***** SUPPLIED MATERIAL
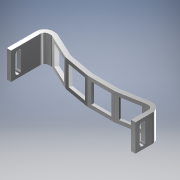
# Autodesk Inventor part: key_holder_metal
Saved by Autodesk Inventor 2018 (Build 220112000, 112)
## iProperties
Created: 2018-04-04
Part Number: key_holder_metal
Material: アルミニウム 6061
Document SubType Name: Sheet Metal
Designer: NaMACHAN
Density: 2.7 g/cm^3
Sheet Metal Rule: Default_mm
Appearance: アルミニウム - フラット
Mass: 6.46479 g
Surface Area: 40.6835 cm^2
Volume: 2.39437 cm^3
Author: NaMACHAN
Autodesk Inventor part; units mm, degrees
ref_plane "YZ Plane" through (0, 0, 0) normal (1, 0, 0) x (0, 1, 0)
ref_plane "XZ Plane" through (0, 0, 0) normal (0, 1, 0) x (-1, 0, 0)
ref_plane "XY Plane" through (0, 0, 0) normal (0, 0, 1) x (1, 0, 0)
sketch "スケッチ2" plane through (0, 0, 0) normal (0, 1, 0) x (-1, 0, 0)
  line L0 (-9.5, -9.5) -> (9.5, -9.5)
  line L1 (9.5, -9.5) -> (9.5, 9.5)
  line L2 (9.5, 9.5) -> (-9.5, 9.5)
  line L3 (-9.5, 9.5) -> (-9.5, -9.5)
  line L4 (-9.5, -9.5) -> (9.5, 9.5) construction
  line L5 (9.5, -9.5) -> (-9.5, 9.5) construction
  point P0 (0, 0)
  dimension "d4" = 19
  dimension "d5" = 19
  measures "d4" distance of L2.end L1.end
  measures "d5" distance of L1.end L0.end
extrude "プレート1" add sketch "スケッチ2" along normal blind 3
sketch "スケッチ3" plane through (8.9791, 2.9544, -9.5) normal (0.1736482, -0.9848078, 0) x (0.9848078, 0.1736482, 0)
  line L0 (0, 19) -> (0, 0)
  line L1 (0, 0) -> (19, 0)
  line L2 (19, 0) -> (19, 19)
  line L3 (19, 19) -> (0, 19)
  constraints: 6 end point, 1 horizontal, 1 perpendicular, 1 vertical
edge flange "フランジ1" height 19 angle 10 thickness 3 bend radius 3 thickness toward (0.1736482, -0.9848078, 0) relief straight relief width 3 relief depth 1.5 edges at (9.5, 3, 0) wall of the first edge with corners at (8.9791, 2.9544, 9.5) (8.9791, 2.9544, -9.5) (27.6904, 6.2537, -9.5) (27.6904, 6.2537, 9.5)
bend "曲げ1"
corner "コーナー1"
sketch "スケッチ4" plane through (-8.9791, 2.9544, 9.5) normal (-0.1736482, -0.9848078, 0) x (0.9848078, -0.1736482, 0)
  line L0 (0, -19) -> (0, 0)
  line L1 (0, 0) -> (-19, 0)
  line L2 (-19, 0) -> (-19, -19)
  line L3 (-19, -19) -> (0, -19)
  constraints: 6 end point, 1 horizontal, 1 perpendicular, 1 vertical
edge flange "フランジ2" height 19 angle 10 thickness 3 bend radius 3 thickness toward (-0.1736482, -0.9848078, 0) relief straight relief width 3 relief depth 1.5 edges at (-9.5, 3, 0) wall of the first edge with corners at (-8.9791, 2.9544, -9.5) (-8.9791, 2.9544, 9.5) (-27.6904, 6.2537, 9.5) (-27.6904, 6.2537, -9.5)
bend "曲げ2"
corner "コーナー2"
sketch "スケッチ5" plane through (-26.9435, 6.0182, 9.5) normal (-0.4226183, -0.9063078, 0) x (0.9063078, -0.4226183, 0)
  line L0 (0, -19) -> (0, 0)
  line L1 (0, 0) -> (-19.395, 0)
  line L2 (-19.395, 0) -> (-19.395, -19)
  line L3 (-19.395, -19) -> (0, -19)
  constraints: 6 end point, 1 horizontal, 1 perpendicular, 1 vertical
edge flange "フランジ3" height 19 angle 15 thickness 3 bend radius 3 thickness toward (-0.4226183, -0.9063078, 0) relief straight relief width 3 relief depth 1.5 edges at (-27.6904, 6.2537, 0) wall of the first edge with corners at (-26.9435, 6.0182, -9.5) (-26.9435, 6.0182, 9.5) (-44.5213, 14.2149, 9.5) (-44.5213, 14.2149, -9.5)
bend "曲げ3"
corner "コーナー3"
sketch "スケッチ11" plane through (9.496, 3.0456, 9.5) normal (-0.1736482, 0.9848078, 0) x (0.9848078, 0.1736482, 0)
  line L0 (0.9751, 17.5) -> (16.9751, 17.5)
  line L1 (16.9751, 17.5) -> (16.9751, 1.5)
  line L2 (16.9751, 1.5) -> (0.9751, 1.5)
  line L3 (0.9751, 1.5) -> (0.9751, 17.5)
  line L4 (0.9751, 17.5) -> (16.9751, 1.5) construction
  line L5 (16.9751, 17.5) -> (0.9751, 1.5) construction
  line L6 (18.4751, 0) -> (0, 0) projected
  line L7 (0, 19) -> (0, 0) projected
  point P0 (-9.8806, 9.5)
  point P1 (8.9751, 9.5)
  point P2 (8.9751, 9.5)
  point P3 (20.4467, 9.5)
  point P4 (8.9751, 9.5)
  point P5 (8.9751, 0)
  point P6 (17.9501, 0)
  point P7 (0, 9.5)
  dimension "d87" = 16
  dimension "d88" = 16
  constraints: 12 end point, 5 midpoint, 2 horizontal alignment, 2 parallel, 1 horizontal, 1 perpendicular, 1 point on line, 1 vertical alignment
  measures "d87" distance of L1.end L2.end
  measures "d88" distance of L0.end L1.end
extrude "押し出し2" cut sketch "スケッチ11" against normal blind 1.5
sketch "スケッチ12" plane through (0, 3, 0) normal (0, 1, 0) x (1, 0, 0)
  line L0 (-8, 8) -> (8, 8)
  line L1 (8, 8) -> (8, -8)
  line L2 (8, -8) -> (-8, -8)
  line L3 (-8, -8) -> (-8, 8)
  line L4 (-8, 8) -> (8, -8) construction
  line L5 (8, 8) -> (-8, -8) construction
  point P0 (0, 0)
  dimension "d91" = 16
  dimension "d92" = 16
  constraints: 12 end point, 2 midpoint, 2 parallel, 1 horizontal, 1 perpendicular
  measures "d91" distance of L1.end L2.end
  measures "d92" distance of L0.end L1.end
extrude "押し出し3" cut sketch "スケッチ12" against normal blind 1.5
sketch "スケッチ13" plane through (-9.496, 3.0456, 9.5) normal (0.1736482, 0.9848078, 0) x (0.9848078, -0.1736482, 0)
  line L0 (-0.8426, 17.5) -> (-16.8426, 17.5)
  line L1 (-16.8426, 17.5) -> (-16.8426, 1.5)
  line L2 (-16.8426, 1.5) -> (-0.8426, 1.5)
  line L3 (-0.8426, 1.5) -> (-0.8426, 17.5)
  line L4 (-0.8426, 17.5) -> (-16.8426, 1.5) construction
  line L5 (-16.8426, 17.5) -> (-0.8426, 1.5) construction
  line L6 (-17.6852, 19) -> (0, 19) projected
  line L7 (0.5209, 19) -> (0.5209, 0) projected
  point P0 (9.8806, 9.5)
  point P1 (-8.8426, 9.5)
  point P2 (-8.8426, 9.5)
  point P3 (-0.8426, 9.5)
  point P4 (-8.8426, 9.5)
  point P5 (-8.8426, 19)
  point P6 (0.5209, 9.5)
  dimension "d95" = 16
  dimension "d96" = 16
  constraints: 12 end point, 7 midpoint, 2 horizontal alignment, 2 parallel, 1 horizontal, 1 perpendicular, 1 vertical alignment
  measures "d95" distance of L2.end L1.end
  measures "d96" distance of L1.end L0.end
extrude "押し出し4" cut sketch "スケッチ13" against normal blind 1.5
sketch "スケッチ14" plane through (-27.6594, 6.3521, 9.5) normal (0.4226183, 0.9063078, 0) x (0.9063078, -0.4226183, 0)
  line L0 (-0.6374, 17.5) -> (-16.6374, 17.5)
  line L1 (-16.6374, 17.5) -> (-16.6374, 1.5)
  line L2 (-16.6374, 1.5) -> (-0.6374, 1.5)
  line L3 (-0.6374, 1.5) -> (-0.6374, 17.5)
  line L4 (-0.6374, 17.5) -> (-16.6374, 1.5) construction
  line L5 (-16.6374, 17.5) -> (-0.6374, 1.5) construction
  line L6 (-18.605, 19) -> (0, 19) projected
  line L7 (0, 0) -> (0, 19) projected
  point P0 (27.7524, 9.5)
  point P1 (-8.6374, 9.5)
  point P2 (-8.6374, 9.5)
  point P3 (-8.6374, 19)
  point P4 (-17.2749, 19)
  point P5 (-8.6374, 9.5)
  point P6 (0, 9.5)
  dimension "d99" = 16
  dimension "d100" = 16
  constraints: 12 end point, 5 midpoint, 2 parallel, 1 horizontal, 1 horizontal alignment, 1 perpendicular, 1 point on line, 1 vertical alignment
  measures "d99" distance of L2.end L1.end
  measures "d100" distance of L1.end L0.end
extrude "押し出し5" cut sketch "スケッチ14" against normal blind 1.5
sketch "スケッチ18" plane through (28.7323, 3.3449, -9.5) normal (0, 1, 0) x (1, 0, 0)
  line L0 (0, 19) -> (0, 0)
  line L1 (0, 0) -> (6.8755, 0)
  line L2 (6.8755, 0) -> (6.8755, 19)
  line L3 (6.8755, 19) -> (0, 19)
  constraints: 6 end point, 1 horizontal, 1 perpendicular, 1 vertical
edge flange "フランジ9" height 7.138 angle -10 thickness 3 bend radius 3 thickness toward (0, 1, 0) relief straight relief width 3 relief depth 1.5 edges at (27.6904, 6.2537, 0) wall of the first edge with corners at (28.7323, 3.3449, 9.5) (28.7323, 3.3449, -9.5) (35.6078, 3.3449, -9.5) (35.6078, 3.3449, 9.5)
bend "曲げ9"
corner "コーナー9"
sketch "スケッチ19" plane through (-47.057, 11.7771, 9.5) normal (0, 1, 0) x (1, 0, 0)
  line L0 (0, -19) -> (0, 0)
  line L1 (0, 0) -> (-7.3349, 0)
  line L2 (-7.3349, 0) -> (-7.3349, -19)
  line L3 (-7.3349, -19) -> (0, -19)
  constraints: 6 end point, 1 horizontal, 1 perpendicular, 1 vertical
edge flange "フランジ10" height 8 angle -25 thickness 3 bend radius 3 thickness toward (0, 1, 0) relief straight relief width 3 relief depth 1.5 edges at (-44.5213, 14.2149, 0) wall of the first edge with corners at (-47.057, 11.7771, -9.5) (-47.057, 11.7771, 9.5) (-54.3919, 11.7771, 9.5) (-54.3919, 11.7771, -9.5)
bend "曲げ10"
corner "コーナー10"
sketch "スケッチ20" plane through (32.6078, 6.3449, -9.5) normal (1, 0, 0) x (0, -1, 0)
  line L0 (0, 19) -> (0, 0)
  line L1 (0, 0) -> (18, 0)
  line L2 (18, 0) -> (18, 19)
  line L3 (18, 19) -> (0, 19)
  constraints: 6 end point, 1 horizontal, 1 perpendicular, 1 vertical
edge flange "フランジ11" height 15 angle -90 thickness 3 bend radius 3 thickness toward (1, 0, 0) relief straight relief width 3 relief depth 1.5 edges at (35.6078, 6.3449, 0) wall of the first edge with corners at (32.6078, 6.3449, 9.5) (32.6078, 6.3449, -9.5) (32.6078, -11.6551, -9.5) (32.6078, -11.6551, 9.5)
bend "曲げ11"
corner "コーナー11"
sketch "スケッチ21" plane through (-51.3919, 14.7771, 9.5) normal (-1, 0, 0) x (0, 1, 0)
  line L0 (0, -19) -> (0, 0)
  line L1 (0, 0) -> (-26.432, 0)
  line L2 (-26.432, 0) -> (-26.432, -19)
  line L3 (-26.432, -19) -> (0, -19)
  constraints: 6 end point, 1 horizontal, 1 perpendicular, 1 vertical
edge flange "フランジ12" height 23.432 angle -90 thickness 3 bend radius 3 thickness toward (-1, 0, 0) relief straight relief width 3 relief depth 1.5 edges at (-54.3919, 14.7771, 0) wall of the first edge with corners at (-51.3919, 14.7771, -9.5) (-51.3919, 14.7771, 9.5) (-51.3919, -11.6549, 9.5) (-51.3919, -11.6549, -9.5)
bend "曲げ12"
corner "コーナー12"
sketch "スケッチ22" plane through (35.6078, -11.6551, 9.5) normal (1, 0, 0) x (0, 0, -1)
  line L0 (4, 7) -> (15, 7)
  arc A0 (15, 3) -> (15, 7) centre (15, 5) ccw
  line L1 (15, 3) -> (4, 3)
  arc A1 (4, 7) -> (4, 3) centre (4, 5) ccw
  line L2 (0, 12) -> (0, 0) projected
  line L3 (19, 12) -> (19, 0) projected
  line L4 (0, 0) -> (19, 0) projected
  dimension "d194" = 2
  dimension "d195" = 4
  dimension "d196" = 4
  dimension "d197" = 5
  constraints: 4 end point, 4 point on circle, 4 tangent, 2 centre point, 1 horizontal, 1 parallel
  measures "d194" radius of A1
  measures "d195" distance from line of L2 A1.centre
  measures "d196" distance from line of L3 A0.centre
  measures "d197" distance from line of L4 A0.centre
extrude "押し出し8" cut sketch "スケッチ22" against normal blind 100
sketch "スケッチ23" plane through (9.7565, 1.5684, 9.5) normal (-0.1736482, 0.9848078, 0) x (0.9848078, 0.1736482, 0)
  line L0 (1.9751, 2.5) -> (15.9751, 2.5)
  line L1 (15.9751, 2.5) -> (15.9751, 16.5)
  line L2 (15.9751, 16.5) -> (1.9751, 16.5)
  line L3 (1.9751, 16.5) -> (1.9751, 2.5)
  line L4 (1.9751, 2.5) -> (15.9751, 16.5) construction
  line L5 (15.9751, 2.5) -> (1.9751, 16.5) construction
  line L6 (16.9751, 17.5) -> (16.9751, 1.5) projected
  line L7 (16.9751, 1.5) -> (0.9751, 1.5) projected
  point P0 (-9.8806, 9.5)
  point P1 (8.9751, 9.5)
  point P2 (8.9751, 9.5)
  point P3 (16.9751, 9.5)
  point P4 (8.9751, 9.5)
  point P5 (8.9751, 2.5)
  point P6 (8.9751, 1.5)
  dimension "d178" = 14
  dimension "d179" = 14
  constraints: 12 end point, 7 midpoint, 2 parallel, 2 vertical alignment, 1 horizontal, 1 horizontal alignment, 1 perpendicular
  measures "d178" distance of L2.end L1.end
  measures "d179" distance of L1.end L0.end
extrude "押し出し9" cut sketch "スケッチ23" against normal blind 1.5
sketch "スケッチ24" plane through (0, 1.5, 0) normal (0, 1, 0) x (1, 0, 0)
  line L0 (-7, -7) -> (7, -7)
  line L1 (7, -7) -> (7, 7)
  line L2 (7, 7) -> (-7, 7)
  line L3 (-7, 7) -> (-7, -7)
  line L4 (-7, -7) -> (7, 7) construction
  line L5 (7, -7) -> (-7, 7) construction
  point P0 (0, 0)
  dimension "d182" = 14
  dimension "d183" = 14
  constraints: 12 end point, 2 midpoint, 2 parallel, 1 horizontal, 1 perpendicular
  measures "d182" distance of L2.end L1.end
  measures "d183" distance of L1.end L0.end
extrude "押し出し10" cut sketch "スケッチ24" against normal blind 1.5
sketch "スケッチ25" plane through (-9.7565, 1.5684, 9.5) normal (0.1736482, 0.9848078, 0) x (0.9848078, -0.1736482, 0)
  line L0 (-15.8426, 2.5) -> (-1.8426, 2.5)
  line L1 (-1.8426, 2.5) -> (-1.8426, 16.5)
  line L2 (-1.8426, 16.5) -> (-15.8426, 16.5)
  line L3 (-15.8426, 16.5) -> (-15.8426, 2.5)
  line L4 (-15.8426, 2.5) -> (-1.8426, 16.5) construction
  line L5 (-1.8426, 2.5) -> (-15.8426, 16.5) construction
  line L6 (-0.8426, 1.5) -> (-16.8426, 1.5) projected
  line L7 (-0.8426, 17.5) -> (-0.8426, 1.5) projected
  point P0 (9.8806, 9.5)
  point P1 (-8.8426, 9.5)
  point P2 (-8.8426, 9.5)
  point P3 (-8.8426, 1.5)
  point P4 (-8.8426, 9.5)
  point P5 (-0.8426, 9.5)
  dimension "d186" = 14
  dimension "d187" = 14
  constraints: 12 end point, 6 midpoint, 2 parallel, 1 horizontal, 1 horizontal alignment, 1 perpendicular, 1 vertical alignment
  measures "d186" distance of L2.end L1.end
  measures "d187" distance of L1.end L0.end
extrude "押し出し11" cut sketch "スケッチ25" against normal blind 1.5
sketch "スケッチ26" plane through (-28.2933, 4.9926, 9.5) normal (0.4226183, 0.9063078, 0) x (0.9063078, -0.4226183, 0)
  line L0 (-15.6374, 2.5) -> (-1.6374, 2.5)
  line L1 (-1.6374, 2.5) -> (-1.6374, 16.5)
  line L2 (-1.6374, 16.5) -> (-15.6374, 16.5)
  line L3 (-15.6374, 16.5) -> (-15.6374, 2.5)
  line L4 (-15.6374, 2.5) -> (-1.6374, 16.5) construction
  line L5 (-1.6374, 2.5) -> (-15.6374, 16.5) construction
  line L6 (-0.6374, 1.5) -> (-16.6374, 1.5) projected
  line L7 (-0.6374, 17.5) -> (-0.6374, 1.5) projected
  point P0 (27.7524, 9.5)
  point P1 (-8.6374, 9.5)
  point P2 (-8.6374, 9.5)
  point P3 (-8.6374, 1.5)
  point P4 (-8.6374, 9.5)
  point P5 (-0.6374, 9.5)
  dimension "d190" = 14
  dimension "d191" = 14
  constraints: 12 end point, 6 midpoint, 2 parallel, 1 horizontal, 1 horizontal alignment, 1 perpendicular, 1 vertical alignment
  measures "d190" distance of L2.end L1.end
  measures "d191" distance of L1.end L0.end
extrude "押し出し12" cut sketch "スケッチ26" against normal blind 1.5
equation "\"d6\" = Thickness"
equation "\"d7\" = BendReliefWidth"
equation "\"d8\" = BendReliefDepth"
equation "\"d9\" = MinimumRemnant"
equation "\"d10\" = TransitionRadius"
equation "\"d13\" = BendRadius"
equation "\"d14\" = CornerReliefSize"
equation "\"d15\" = GapSize"
equation "\"d16\" = JacobiRadiusSize"
equation "\"d17\" = BendReliefWidth"
equation "\"d18\" = BendReliefDepth"
equation "\"d19\" = MinimumRemnant"
equation "\"d20\" = TransitionRadius"
equation "\"d23\" = BendRadius"
equation "\"d24\" = CornerReliefSize"
equation "\"d25\" = GapSize"
equation "\"d26\" = JacobiRadiusSize"
equation "\"d27\" = BendReliefWidth"
equation "\"d28\" = BendReliefDepth"
equation "\"d29\" = MinimumRemnant"
equation "\"d30\" = TransitionRadius"
equation "\"d33\" = BendRadius"
equation "\"d34\" = CornerReliefSize"
equation "\"d35\" = GapSize"
equation "\"d36\" = JacobiRadiusSize"
equation "\"d133\" = BendReliefWidth"
equation "\"d134\" = BendReliefDepth"
equation "\"d135\" = MinimumRemnant"
equation "\"d136\" = TransitionRadius"
equation "\"d139\" = BendRadius"
equation "\"d140\" = CornerReliefSize"
equation "\"d141\" = GapSize"
equation "\"d142\" = JacobiRadiusSize"
equation "\"d143\" = BendReliefWidth"
equation "\"d144\" = BendReliefDepth"
equation "\"d145\" = MinimumRemnant"
equation "\"d146\" = TransitionRadius"
equation "\"d149\" = BendRadius"
equation "\"d150\" = CornerReliefSize"
equation "\"d151\" = GapSize"
equation "\"d152\" = JacobiRadiusSize"
equation "\"d153\" = BendReliefWidth"
equation "\"d154\" = BendReliefDepth"
equation "\"d155\" = MinimumRemnant"
equation "\"d156\" = TransitionRadius"
equation "\"d159\" = BendRadius"
equation "\"d160\" = CornerReliefSize"
equation "\"d161\" = GapSize"
equation "\"d162\" = JacobiRadiusSize"
equation "\"d163\" = BendReliefWidth"
equation "\"d164\" = BendReliefDepth"
equation "\"d165\" = MinimumRemnant"
equation "\"d166\" = TransitionRadius"
equation "\"d169\" = BendRadius"
equation "\"d170\" = CornerReliefSize"
equation "\"d171\" = GapSize"
equation "\"d172\" = JacobiRadiusSize"
equation "\"BendRadius\" = Thickness"
equation "\"BendReliefWidth\" = Thickness"
equation "\"BendReliefDepth\" = 0.5 * Thickness"
equation "\"CornerReliefSize\" = 4 * Thickness"
equation "\"MinimumRemnant\" = 2 * Thickness"
equation "\"TransitionRadius\" = BendRadius"
equation "\"JacobiRadiusSize\" = BendRadius"
equation "\"GapSize\" = Thickness"
equation "\"Thickness\" = 3"
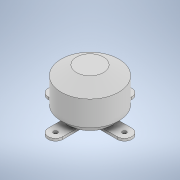
# Autodesk Inventor part: Motor
Saved by Autodesk Inventor 2020 (Build 240168000, 168)
## iProperties
Created: 2019-09-24
Part Number: Motor
Material: Generic
Document SubType Name: Modeling
Designer: User
Density: 1 g/cm^3
Appearance: Default
Author: User
Autodesk Inventor part; units mm, degrees
ref_plane "YZ Plane" through (0, 0, 0) normal (1, 0, 0) x (0, 1, 0)
ref_plane "XZ Plane" through (0, 0, 0) normal (0, 1, 0) x (-1, 0, 0)
ref_plane "XY Plane" through (0, 0, 0) normal (0, 0, 1) x (1, 0, 0)
sketch "Sketch1" plane through (0, 0, 0) normal (0, 0, 1) x (1, 0, 0)
  line L0 (0, 0) -> (17.78, 0)
  line L1 (17.78, 0) -> (22.987, 5.588)
  line L2 (22.987, 5.588) -> (22.987, 25.527)
  line L3 (22.987, 25.527) -> (10.795, 33.02)
  line L4 (10.795, 33.02) -> (0, 33.02)
  line L5 (0, 33.02) -> (0, 0)
  dimension "d0" = 17.78
  dimension "d1" = 33.02
  dimension "d2" = 22.987
  dimension "d3" = 5.588
  dimension "d4" = 19.939
  dimension "d5" = 10.795
  constraints: 12 end point, 2 perpendicular, 1 horizontal, 1 parallel
  measures "d0" distance of L0.start L0.end
  measures "d1" distance between parallel lines of L0 L4
  measures "d2" distance between parallel lines of L5 L2
  measures "d3" distance from line of L0 L1.end
  measures "d4" distance of L1.end L2.end
  measures "d5" distance of L3.end L4.end
revolve "Revolution1" add sketch "Sketch1" angle 360 about axis through (0, 33.02, 0) along (0, -1, 0)
sketch "Sketch2" plane through (0, 0, 0) normal (0, -1, 0) x (1, 0, 0)
  line L0 (0, 27.5971) -> (0, -27.5971) construction
  line L1 (-5.9055, 27.5971) -> (-5.9055, -27.5971)
  line L2 (5.9055, -27.5971) -> (5.9055, 27.5971)
  arc A0 (5.9055, 27.5971) -> (-5.9055, 27.5971) centre (0, 27.5971) ccw
  arc A1 (-5.9055, -27.5971) -> (5.9055, -27.5971) centre (0, -27.5971) ccw
  line L3 (-27.5971, 0) -> (27.5971, 0) construction
  line L4 (-27.5971, 5.9055) -> (27.5971, 5.9055)
  line L5 (27.5971, -5.9055) -> (-27.5971, -5.9055)
  arc A2 (-27.5971, 5.9055) -> (-27.5971, -5.9055) centre (-27.5971, 0) ccw
  arc A3 (27.5971, -5.9055) -> (27.5971, 5.9055) centre (27.5971, 0) ccw
  circle A4 centre (27.5971, 0) radius 1.6193
  circle A5 centre (0, -27.5971) radius 1.6193
  circle A6 centre (-27.5971, 0) radius 1.6193
  circle A7 centre (0, 27.5971) radius 1.6193
  point P0 (0, 0)
  point P1 (5.9055, 5.9055)
  point P2 (-5.9055, 5.9055)
  point P3 (-5.9055, -5.9055)
  point P4 (5.9055, -5.9055)
  dimension "d7" = 11.811
  dimension "d8" = 55.1942
  dimension "d9" = 3.2385
  constraints: 16 end point, 8 centre point, 8 point on circle, 8 tangent, 4 coincident, 4 equal radius, 2 midpoint, 2 parallel, 2 perpendicular, 1 vertical
  measures "d7" distance between parallel lines of L5 L4
  measures "d8" distance of L5.start L5.end
  measures "d9" diameter of A7
extrude "Extrusion1" add sketch "Sketch2" along normal blind 1.9304
body "Solid1"
**********
## WHAT NEEDS TO BE DONE
What are the lines, exactly as written above, from the line with "line L3 (22.987, 25.527) -> (10.795, 33.02)" to the line with "of L0 L1.end", both included? Output only those.

## REPLY TO THE TASK
  line L3 (22.987, 25.527) -> (10.795, 33.02)
  line L4 (10.795, 33.02) -> (0, 33.02)
  line L5 (0, 33.02) -> (0, 0)
  dimension "d0" = 17.78
  dimension "d1" = 33.02
  dimension "d2" = 22.987
  dimension "d3" = 5.588
  dimension "d4" = 19.939
  dimension "d5" = 10.795
  constraints: 12 end point, 2 perpendicular, 1 horizontal, 1 parallel
  measures "d0" distance of L0.start L0.end
  measures "d1" distance between parallel lines of L0 L4
  measures "d2" distance between parallel lines of L5 L2
  measures "d3" distance from line of L0 L1.end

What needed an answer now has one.